Excerpts from a dataset
_ _ _ _ _ _ _

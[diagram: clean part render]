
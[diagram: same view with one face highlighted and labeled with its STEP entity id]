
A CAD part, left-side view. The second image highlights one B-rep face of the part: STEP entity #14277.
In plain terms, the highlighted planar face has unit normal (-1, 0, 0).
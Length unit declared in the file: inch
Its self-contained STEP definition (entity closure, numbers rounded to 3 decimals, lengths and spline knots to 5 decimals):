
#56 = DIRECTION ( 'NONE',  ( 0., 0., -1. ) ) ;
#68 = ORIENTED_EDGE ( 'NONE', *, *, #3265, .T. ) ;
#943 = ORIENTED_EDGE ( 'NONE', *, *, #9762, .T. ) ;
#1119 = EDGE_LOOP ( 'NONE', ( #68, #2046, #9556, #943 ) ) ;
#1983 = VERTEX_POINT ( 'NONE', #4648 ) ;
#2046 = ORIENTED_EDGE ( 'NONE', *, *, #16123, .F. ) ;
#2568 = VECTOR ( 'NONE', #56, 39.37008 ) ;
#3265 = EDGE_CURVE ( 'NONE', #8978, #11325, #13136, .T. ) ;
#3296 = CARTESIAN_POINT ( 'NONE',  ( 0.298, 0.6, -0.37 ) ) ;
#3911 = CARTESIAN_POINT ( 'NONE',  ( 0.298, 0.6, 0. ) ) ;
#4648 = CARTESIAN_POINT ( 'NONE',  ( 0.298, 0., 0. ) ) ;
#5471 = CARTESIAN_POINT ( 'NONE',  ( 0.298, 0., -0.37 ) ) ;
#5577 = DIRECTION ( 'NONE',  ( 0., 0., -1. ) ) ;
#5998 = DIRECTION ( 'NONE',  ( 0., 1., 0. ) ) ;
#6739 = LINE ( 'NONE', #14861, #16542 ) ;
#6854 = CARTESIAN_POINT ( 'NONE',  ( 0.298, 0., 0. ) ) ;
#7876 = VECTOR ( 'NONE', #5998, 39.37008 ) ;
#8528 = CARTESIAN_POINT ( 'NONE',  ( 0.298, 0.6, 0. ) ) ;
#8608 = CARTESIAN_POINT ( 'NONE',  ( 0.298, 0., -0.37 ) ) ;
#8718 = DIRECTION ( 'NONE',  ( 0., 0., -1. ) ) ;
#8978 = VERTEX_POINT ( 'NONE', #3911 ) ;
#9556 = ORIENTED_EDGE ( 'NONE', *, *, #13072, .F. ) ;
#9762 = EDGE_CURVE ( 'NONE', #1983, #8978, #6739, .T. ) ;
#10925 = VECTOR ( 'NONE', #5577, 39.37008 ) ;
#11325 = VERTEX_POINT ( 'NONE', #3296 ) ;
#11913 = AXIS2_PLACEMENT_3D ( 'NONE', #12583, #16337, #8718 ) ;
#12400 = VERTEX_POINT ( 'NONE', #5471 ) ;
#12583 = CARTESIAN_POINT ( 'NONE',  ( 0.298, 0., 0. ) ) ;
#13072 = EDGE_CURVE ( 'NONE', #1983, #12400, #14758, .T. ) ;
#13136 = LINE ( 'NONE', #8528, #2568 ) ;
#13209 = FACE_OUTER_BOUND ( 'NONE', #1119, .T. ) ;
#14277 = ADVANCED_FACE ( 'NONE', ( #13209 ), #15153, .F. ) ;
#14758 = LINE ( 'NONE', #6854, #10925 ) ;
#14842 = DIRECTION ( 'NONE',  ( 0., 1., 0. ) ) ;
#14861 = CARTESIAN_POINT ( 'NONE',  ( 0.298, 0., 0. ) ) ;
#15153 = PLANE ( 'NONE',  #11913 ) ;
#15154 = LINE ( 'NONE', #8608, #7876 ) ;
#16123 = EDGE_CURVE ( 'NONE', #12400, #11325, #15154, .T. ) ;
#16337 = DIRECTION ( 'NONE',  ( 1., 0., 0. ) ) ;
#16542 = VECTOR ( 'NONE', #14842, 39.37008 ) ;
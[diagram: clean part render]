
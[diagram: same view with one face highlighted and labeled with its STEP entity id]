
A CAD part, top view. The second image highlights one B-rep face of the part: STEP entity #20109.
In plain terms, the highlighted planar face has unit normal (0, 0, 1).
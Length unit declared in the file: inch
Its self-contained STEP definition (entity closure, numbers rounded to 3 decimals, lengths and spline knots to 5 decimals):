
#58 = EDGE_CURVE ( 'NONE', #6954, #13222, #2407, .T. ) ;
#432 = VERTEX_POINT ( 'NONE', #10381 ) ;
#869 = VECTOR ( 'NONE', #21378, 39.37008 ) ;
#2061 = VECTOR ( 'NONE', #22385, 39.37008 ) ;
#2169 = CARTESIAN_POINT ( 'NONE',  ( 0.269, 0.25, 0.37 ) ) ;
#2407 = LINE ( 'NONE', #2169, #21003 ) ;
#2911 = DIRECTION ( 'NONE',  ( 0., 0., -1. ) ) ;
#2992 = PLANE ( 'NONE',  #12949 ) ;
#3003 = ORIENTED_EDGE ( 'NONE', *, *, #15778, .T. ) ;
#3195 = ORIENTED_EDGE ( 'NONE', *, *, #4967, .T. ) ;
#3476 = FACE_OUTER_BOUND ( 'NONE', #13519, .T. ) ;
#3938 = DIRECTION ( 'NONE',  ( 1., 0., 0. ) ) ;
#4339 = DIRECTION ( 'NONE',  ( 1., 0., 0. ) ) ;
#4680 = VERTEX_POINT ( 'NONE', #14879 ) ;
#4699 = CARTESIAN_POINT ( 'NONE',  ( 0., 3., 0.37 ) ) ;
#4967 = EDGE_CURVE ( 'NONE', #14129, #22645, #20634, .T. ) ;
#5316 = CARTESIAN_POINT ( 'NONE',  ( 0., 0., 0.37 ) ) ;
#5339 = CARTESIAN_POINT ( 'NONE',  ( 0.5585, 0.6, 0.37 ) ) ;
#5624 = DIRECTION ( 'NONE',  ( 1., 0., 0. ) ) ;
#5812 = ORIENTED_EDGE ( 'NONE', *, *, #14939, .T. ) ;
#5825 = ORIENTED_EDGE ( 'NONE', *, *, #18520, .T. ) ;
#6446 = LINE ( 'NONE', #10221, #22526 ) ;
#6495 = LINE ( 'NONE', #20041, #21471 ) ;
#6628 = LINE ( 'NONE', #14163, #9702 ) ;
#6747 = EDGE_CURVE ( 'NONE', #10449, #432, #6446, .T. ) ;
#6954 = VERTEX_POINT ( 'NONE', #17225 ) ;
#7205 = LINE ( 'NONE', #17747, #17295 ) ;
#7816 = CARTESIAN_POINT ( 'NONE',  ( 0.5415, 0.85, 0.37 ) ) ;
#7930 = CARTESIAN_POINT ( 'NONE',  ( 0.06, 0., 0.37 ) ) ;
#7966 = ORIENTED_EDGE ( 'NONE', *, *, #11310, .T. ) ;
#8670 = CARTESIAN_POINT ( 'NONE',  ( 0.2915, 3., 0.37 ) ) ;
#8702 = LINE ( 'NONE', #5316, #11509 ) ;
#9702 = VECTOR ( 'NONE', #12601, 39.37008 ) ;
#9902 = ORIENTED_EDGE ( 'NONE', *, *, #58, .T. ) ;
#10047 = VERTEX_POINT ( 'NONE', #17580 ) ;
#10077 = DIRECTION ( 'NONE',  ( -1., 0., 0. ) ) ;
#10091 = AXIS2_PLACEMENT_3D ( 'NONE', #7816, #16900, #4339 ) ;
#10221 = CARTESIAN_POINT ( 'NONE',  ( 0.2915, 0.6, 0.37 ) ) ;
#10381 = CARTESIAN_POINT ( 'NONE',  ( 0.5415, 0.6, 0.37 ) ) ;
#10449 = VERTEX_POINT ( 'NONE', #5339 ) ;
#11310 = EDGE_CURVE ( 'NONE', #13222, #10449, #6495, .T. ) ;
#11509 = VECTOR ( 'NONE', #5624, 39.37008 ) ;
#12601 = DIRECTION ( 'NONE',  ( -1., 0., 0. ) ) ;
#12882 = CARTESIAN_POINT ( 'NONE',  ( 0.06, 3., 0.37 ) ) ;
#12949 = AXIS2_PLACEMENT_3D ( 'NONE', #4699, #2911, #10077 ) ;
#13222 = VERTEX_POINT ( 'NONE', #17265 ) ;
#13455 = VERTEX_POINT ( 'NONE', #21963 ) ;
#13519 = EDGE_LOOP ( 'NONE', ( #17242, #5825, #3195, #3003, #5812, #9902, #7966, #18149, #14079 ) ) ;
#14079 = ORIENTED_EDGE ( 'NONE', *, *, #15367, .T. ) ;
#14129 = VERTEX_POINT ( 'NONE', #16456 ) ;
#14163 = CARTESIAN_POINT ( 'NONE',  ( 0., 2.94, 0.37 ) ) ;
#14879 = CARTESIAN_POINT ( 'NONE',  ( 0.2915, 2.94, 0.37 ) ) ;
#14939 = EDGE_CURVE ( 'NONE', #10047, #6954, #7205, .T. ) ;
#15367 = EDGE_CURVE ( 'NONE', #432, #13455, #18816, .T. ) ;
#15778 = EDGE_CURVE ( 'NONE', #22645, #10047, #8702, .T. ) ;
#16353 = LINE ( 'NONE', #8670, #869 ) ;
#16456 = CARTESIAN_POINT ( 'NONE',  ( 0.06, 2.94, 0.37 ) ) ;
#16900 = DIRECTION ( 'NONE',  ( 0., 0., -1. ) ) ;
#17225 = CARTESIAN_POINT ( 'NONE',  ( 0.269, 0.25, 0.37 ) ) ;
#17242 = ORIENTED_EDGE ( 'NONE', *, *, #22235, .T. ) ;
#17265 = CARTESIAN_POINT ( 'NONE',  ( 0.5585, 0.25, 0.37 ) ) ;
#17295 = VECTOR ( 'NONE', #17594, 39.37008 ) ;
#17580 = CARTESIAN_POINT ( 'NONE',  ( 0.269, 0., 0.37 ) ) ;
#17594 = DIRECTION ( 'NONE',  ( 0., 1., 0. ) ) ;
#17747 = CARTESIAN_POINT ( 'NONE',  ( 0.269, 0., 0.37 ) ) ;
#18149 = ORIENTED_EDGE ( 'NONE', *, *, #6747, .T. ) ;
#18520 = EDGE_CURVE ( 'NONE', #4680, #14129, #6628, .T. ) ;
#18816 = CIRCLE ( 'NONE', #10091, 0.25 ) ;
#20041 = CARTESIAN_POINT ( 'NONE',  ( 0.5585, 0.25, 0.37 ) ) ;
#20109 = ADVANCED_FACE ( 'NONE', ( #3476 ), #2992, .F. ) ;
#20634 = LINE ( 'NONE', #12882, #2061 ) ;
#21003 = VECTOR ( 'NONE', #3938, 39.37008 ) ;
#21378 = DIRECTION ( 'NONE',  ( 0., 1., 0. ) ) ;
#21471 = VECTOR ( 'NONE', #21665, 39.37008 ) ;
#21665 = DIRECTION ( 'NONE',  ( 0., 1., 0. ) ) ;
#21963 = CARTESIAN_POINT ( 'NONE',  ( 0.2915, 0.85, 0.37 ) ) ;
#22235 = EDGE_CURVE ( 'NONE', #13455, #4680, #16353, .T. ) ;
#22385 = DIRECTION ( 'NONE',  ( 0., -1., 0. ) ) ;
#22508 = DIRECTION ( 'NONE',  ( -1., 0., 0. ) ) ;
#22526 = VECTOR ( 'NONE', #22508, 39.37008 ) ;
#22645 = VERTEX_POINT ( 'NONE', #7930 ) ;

_ _ _ _ _ _ _

_What is being asked_
Output exactly the span of lines beginning at the first line of the records and ending at the line that holds "#8528 = CARTESIAN_POINT", inclusive, with no other text.

_Solution below_
[diagram: clean part render]
[diagram: same view with one face highlighted and labeled with its STEP entity id]
A CAD part, left-side view. The second image highlights one B-rep face of the part: STEP entity #14277.
In plain terms, the highlighted planar face has unit normal (-1, 0, 0).
Length unit declared in the file: inch
Its self-contained STEP definition (entity closure, numbers rounded to 3 decimals, lengths and spline knots to 5 decimals):
#56 = DIRECTION ( 'NONE',  ( 0., 0., -1. ) ) ;
#68 = ORIENTED_EDGE ( 'NONE', *, *, #3265, .T. ) ;
#943 = ORIENTED_EDGE ( 'NONE', *, *, #9762, .T. ) ;
#1119 = EDGE_LOOP ( 'NONE', ( #68, #2046, #9556, #943 ) ) ;
#1983 = VERTEX_POINT ( 'NONE', #4648 ) ;
#2046 = ORIENTED_EDGE ( 'NONE', *, *, #16123, .F. ) ;
#2568 = VECTOR ( 'NONE', #56, 39.37008 ) ;
#3265 = EDGE_CURVE ( 'NONE', #8978, #11325, #13136, .T. ) ;
#3296 = CARTESIAN_POINT ( 'NONE',  ( 0.298, 0.6, -0.37 ) ) ;
#3911 = CARTESIAN_POINT ( 'NONE',  ( 0.298, 0.6, 0. ) ) ;
#4648 = CARTESIAN_POINT ( 'NONE',  ( 0.298, 0., 0. ) ) ;
#5471 = CARTESIAN_POINT ( 'NONE',  ( 0.298, 0., -0.37 ) ) ;
#5577 = DIRECTION ( 'NONE',  ( 0., 0., -1. ) ) ;
#5998 = DIRECTION ( 'NONE',  ( 0., 1., 0. ) ) ;
#6739 = LINE ( 'NONE', #14861, #16542 ) ;
#6854 = CARTESIAN_POINT ( 'NONE',  ( 0.298, 0., 0. ) ) ;
#7876 = VECTOR ( 'NONE', #5998, 39.37008 ) ;
#8528 = CARTESIAN_POINT ( 'NONE',  ( 0.298, 0.6, 0. ) ) ;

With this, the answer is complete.